--- START ---

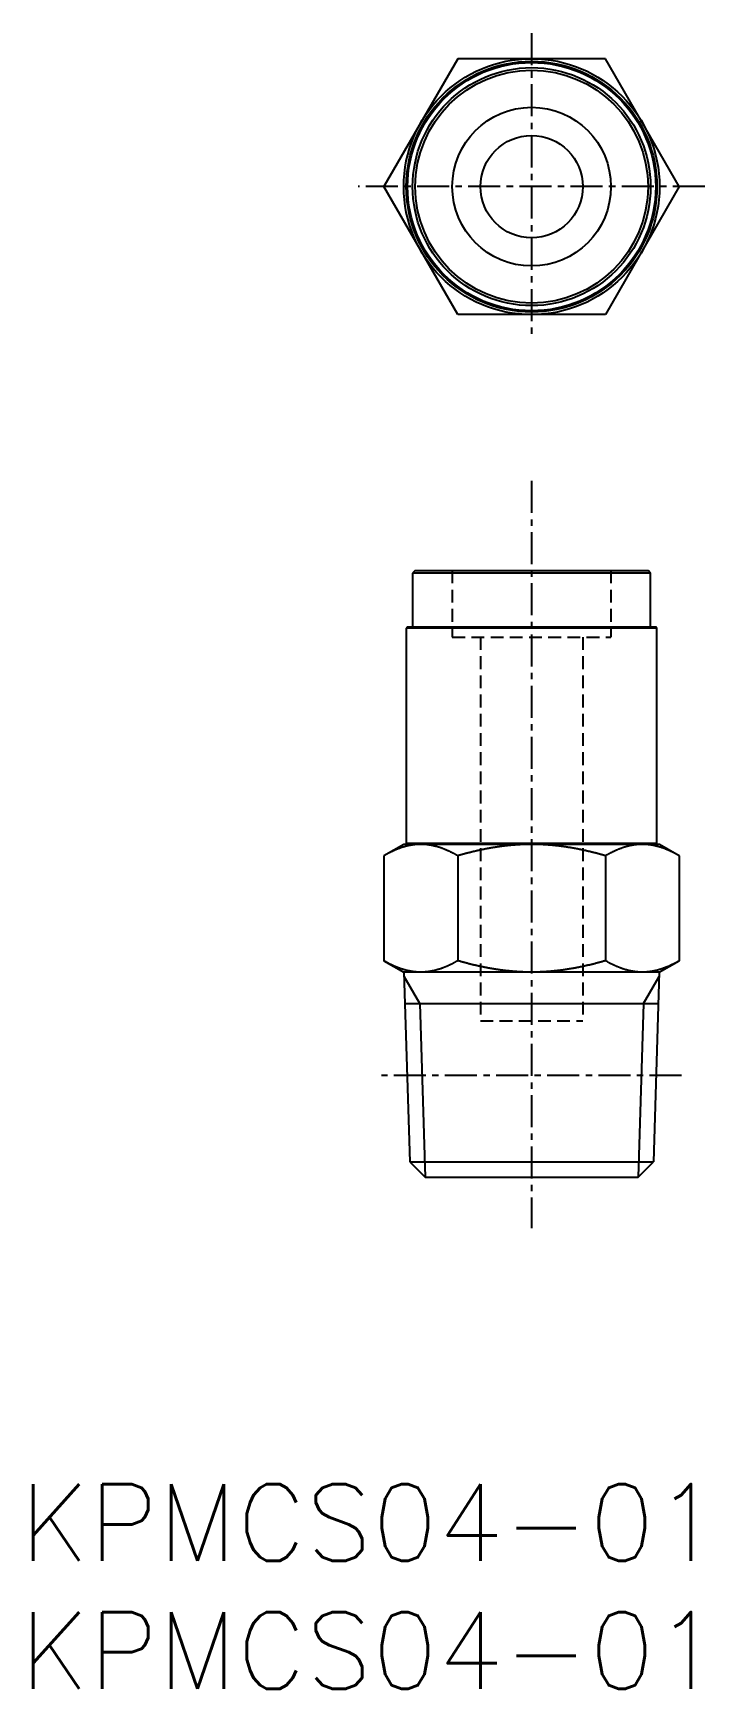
# Model space of a CAD drawing. Extents: x 0.5 to 26.8, y 0 to 64.7.
import ezdxf

# ---------------------------------------------------------------- set-up
doc = ezdxf.new("R2010")
doc.units = 0
doc.linetypes.add('CENTER', pattern=[2, 1.25, -0.25, 0.25, -0.25])
doc.linetypes.add('DASHED', pattern=[0.75, 0.5, -0.25])
doc.layers.get('0').update_dxf_attribs({"linetype": 'CONTINUOUS'})
for name, color, linetype in [('CENTER', 1, 'CENTER'), ('PV', 7, 'CONTINUOUS'), ('TV', 7, 'CONTINUOUS')]:
    doc.layers.add(name, color=color, linetype=linetype)
doc.styles.get("Standard").update_dxf_attribs({"font": 'txt.shx'})

# ---------------------------------------------------------------- blocks, each defined once
blk = doc.blocks.new('*U2')
at = {"color": 7, "linetype": 'CONTINUOUS'}
blk.add_text('KPMCS04-01', height=3, dxfattribs=at).set_placement((0, 0))
blk = doc.blocks.new('*U3')
at = {"color": 7, "linetype": 'CONTINUOUS'}
blk.add_text('KPMCS04-01', height=3, dxfattribs=at).set_placement((0, 5))

msp = doc.modelspace()

# ---------------------------------------------------------------- linework, layer by layer
at = {"color": 1, "linetype": 'CENTER'}
for p, q in [((20, 64.7), (20, 52.7)), ((26.774, 58.7), (13.226, 58.7))]:
    msp.add_line(p, q, dxfattribs=at)
at = {"color": 3, "linetype": 'DASHED'}
for p, q in [((16.9, 43.7), (16.9, 41.1)), ((23.1, 43.7), (23.1, 41.1)), ((16.9, 41.1), (23.1, 41.1)), ((18, 41.1), (18, 26.1)), ((22, 41.1), (22, 26.1)), ((18, 26.1), (22, 26.1))]:
    msp.add_line(p, q, dxfattribs=at)
at = {"color": 7, "linetype": 'CONTINUOUS'}
for p, q in [((15.01, 28), (15.241, 20.6)), ((24.99, 28), (24.759, 20.6)), ((15.048, 26.777), (24.952, 26.777)), ((15.241, 20.6), (15.841, 20)), ((15.241, 20.6), (24.759, 20.6)), ((24.159, 20), (24.759, 20.6)), ((15.841, 20), (24.159, 20))]:
    msp.add_line(p, q, dxfattribs=at)
at = {"color": 3, "linetype": 'CONTINUOUS'}
for p, q in [((15.629, 26.777), (15.015, 27.841)), ((24.371, 26.777), (24.985, 27.841)), ((15.629, 26.777), (15.841, 20)), ((24.371, 26.777), (24.159, 20))]:
    msp.add_line(p, q, dxfattribs=at)
at = {"layer": 'CENTER', "color": 1, "linetype": 'CENTER'}
for p, q in [((20, 47.2), (20, 18)), ((25.864, 23.97), (14.136, 23.97))]:
    msp.add_line(p, q, dxfattribs=at)
at = {"layer": 'PV', "color": 7, "linetype": 'CONTINUOUS'}
for p, q in [((15.45, 43.7), (15.35, 43.6)), ((15.35, 43.6), (15.35, 41.5)), ((24.65, 43.6), (15.35, 43.6)), ((15.45, 43.7), (24.55, 43.7)), ((24.65, 43.6), (24.55, 43.7)), ((24.65, 41.5), (24.65, 43.6)), ((15.15, 41.5), (15.1, 41.45)), ((24.9, 41.45), (15.1, 41.45)), ((15.1, 41.45), (15.1, 33.05)), ((15.15, 41.5), (24.85, 41.5)), ((24.9, 41.45), (24.85, 41.5)), ((24.9, 33.05), (24.9, 41.45)), ((15, 33), (14.226, 32.553)), ((25, 33), (15, 33)), ((15.1, 33.05), (24.9, 33.05)), ((15.1, 33.05), (15.15, 33)), ((24.85, 33), (24.9, 33.05)), ((25.774, 32.553), (25, 33)), ((14.226, 32.553), (14.226, 28.452)), ((17.113, 32.553), (17.113, 28.452)), ((22.887, 32.553), (22.887, 28.452)), ((25.774, 32.553), (25.774, 28.452)), ((14.226, 28.452), (15.01, 28)), ((24.99, 28), (15.01, 28)), ((24.99, 28), (25.774, 28.452))]:
    msp.add_line(p, q, dxfattribs=at)
for points in [[(15.67, 33), (15.657, 33), (15.644, 33), (15.632, 33), (15.619, 32.999), (15.606, 32.999), (15.593, 32.999), (15.581, 32.998), (15.568, 32.998), (15.555, 32.997), (15.543, 32.996), (15.53, 32.995), (15.517, 32.995), (15.504, 32.994), (15.492, 32.993), (15.479, 32.992), (15.466, 32.99), (15.454, 32.989), (15.441, 32.988), (15.428, 32.987), (15.416, 32.985), (15.403, 32.984), (15.39, 32.982), (15.378, 32.98), (15.365, 32.979), (15.352, 32.977), (15.34, 32.975), (15.327, 32.973), (15.315, 32.971), (15.302, 32.969), (15.29, 32.967), (15.277, 32.965), (15.265, 32.962), (15.252, 32.96), (15.239, 32.958), (15.227, 32.955), (15.215, 32.952), (15.202, 32.95), (15.19, 32.947), (15.177, 32.944), (15.165, 32.942), (15.152, 32.939), (15.14, 32.936), (15.128, 32.933), (15.115, 32.93), (15.103, 32.927), (15.09, 32.923), (15.078, 32.92), (15.066, 32.917), (15.054, 32.914), (15.041, 32.91), (15.029, 32.907), (15.017, 32.903), (15.005, 32.9), (14.992, 32.896), (14.98, 32.892), (14.968, 32.888), (14.956, 32.885), (14.944, 32.881), (14.932, 32.877), (14.92, 32.873), (14.907, 32.869), (14.895, 32.865), (14.883, 32.86), (14.871, 32.856), (14.859, 32.852), (14.847, 32.848), (14.835, 32.843), (14.823, 32.839), (14.811, 32.835), (14.799, 32.83), (14.788, 32.825), (14.776, 32.821), (14.764, 32.816), (14.752, 32.812), (14.74, 32.807), (14.728, 32.802), (14.717, 32.797), (14.705, 32.792), (14.693, 32.787), (14.681, 32.783), (14.67, 32.778), (14.658, 32.772), (14.646, 32.767), (14.635, 32.762), (14.623, 32.757), (14.611, 32.752), (14.6, 32.747), (14.588, 32.741), (14.577, 32.736), (14.565, 32.731), (14.553, 32.725), (14.542, 32.72), (14.53, 32.714), (14.519, 32.709), (14.507, 32.703), (14.496, 32.698), (14.485, 32.692), (14.473, 32.686), (14.462, 32.681), (14.45, 32.675), (14.439, 32.669), (14.428, 32.663), (14.416, 32.657), (14.405, 32.652), (14.394, 32.646), (14.383, 32.64), (14.371, 32.634), (14.36, 32.628), (14.349, 32.622), (14.338, 32.616), (14.326, 32.61), (14.315, 32.603), (14.304, 32.597), (14.293, 32.591), (14.282, 32.585), (14.271, 32.579), (14.26, 32.572), (14.249, 32.566), (14.238, 32.56), (14.226, 32.553)], [(17.113, 32.553), (17.101, 32.56), (17.09, 32.567), (17.078, 32.574), (17.066, 32.58), (17.054, 32.587), (17.042, 32.594), (17.03, 32.6), (17.018, 32.607), (17.006, 32.614), (16.994, 32.62), (16.982, 32.626), (16.97, 32.633), (16.958, 32.639), (16.946, 32.646), (16.934, 32.652), (16.922, 32.658), (16.91, 32.665), (16.897, 32.671), (16.885, 32.677), (16.873, 32.683), (16.861, 32.689), (16.849, 32.695), (16.836, 32.701), (16.824, 32.707), (16.812, 32.713), (16.799, 32.719), (16.787, 32.725), (16.775, 32.731), (16.762, 32.736), (16.75, 32.742), (16.738, 32.748), (16.725, 32.753), (16.713, 32.759), (16.7, 32.764), (16.688, 32.77), (16.675, 32.775), (16.663, 32.781), (16.65, 32.786), (16.637, 32.791), (16.625, 32.797), (16.612, 32.802), (16.6, 32.807), (16.587, 32.812), (16.574, 32.817), (16.561, 32.822), (16.549, 32.827), (16.536, 32.832), (16.523, 32.836), (16.51, 32.841), (16.498, 32.846), (16.485, 32.85), (16.472, 32.855), (16.459, 32.86), (16.446, 32.864), (16.433, 32.868), (16.42, 32.873), (16.407, 32.877), (16.394, 32.881), (16.381, 32.885), (16.368, 32.889), (16.355, 32.893), (16.342, 32.897), (16.329, 32.901), (16.316, 32.905), (16.303, 32.909), (16.29, 32.913), (16.277, 32.916), (16.263, 32.92), (16.25, 32.923), (16.237, 32.927), (16.224, 32.93), (16.21, 32.933), (16.197, 32.936), (16.184, 32.94), (16.171, 32.943), (16.157, 32.946), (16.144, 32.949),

--- END ---

Task goal: Please state the number of lines in the listing that include the word "linetypes", with no other words.

Output of the exercise: 2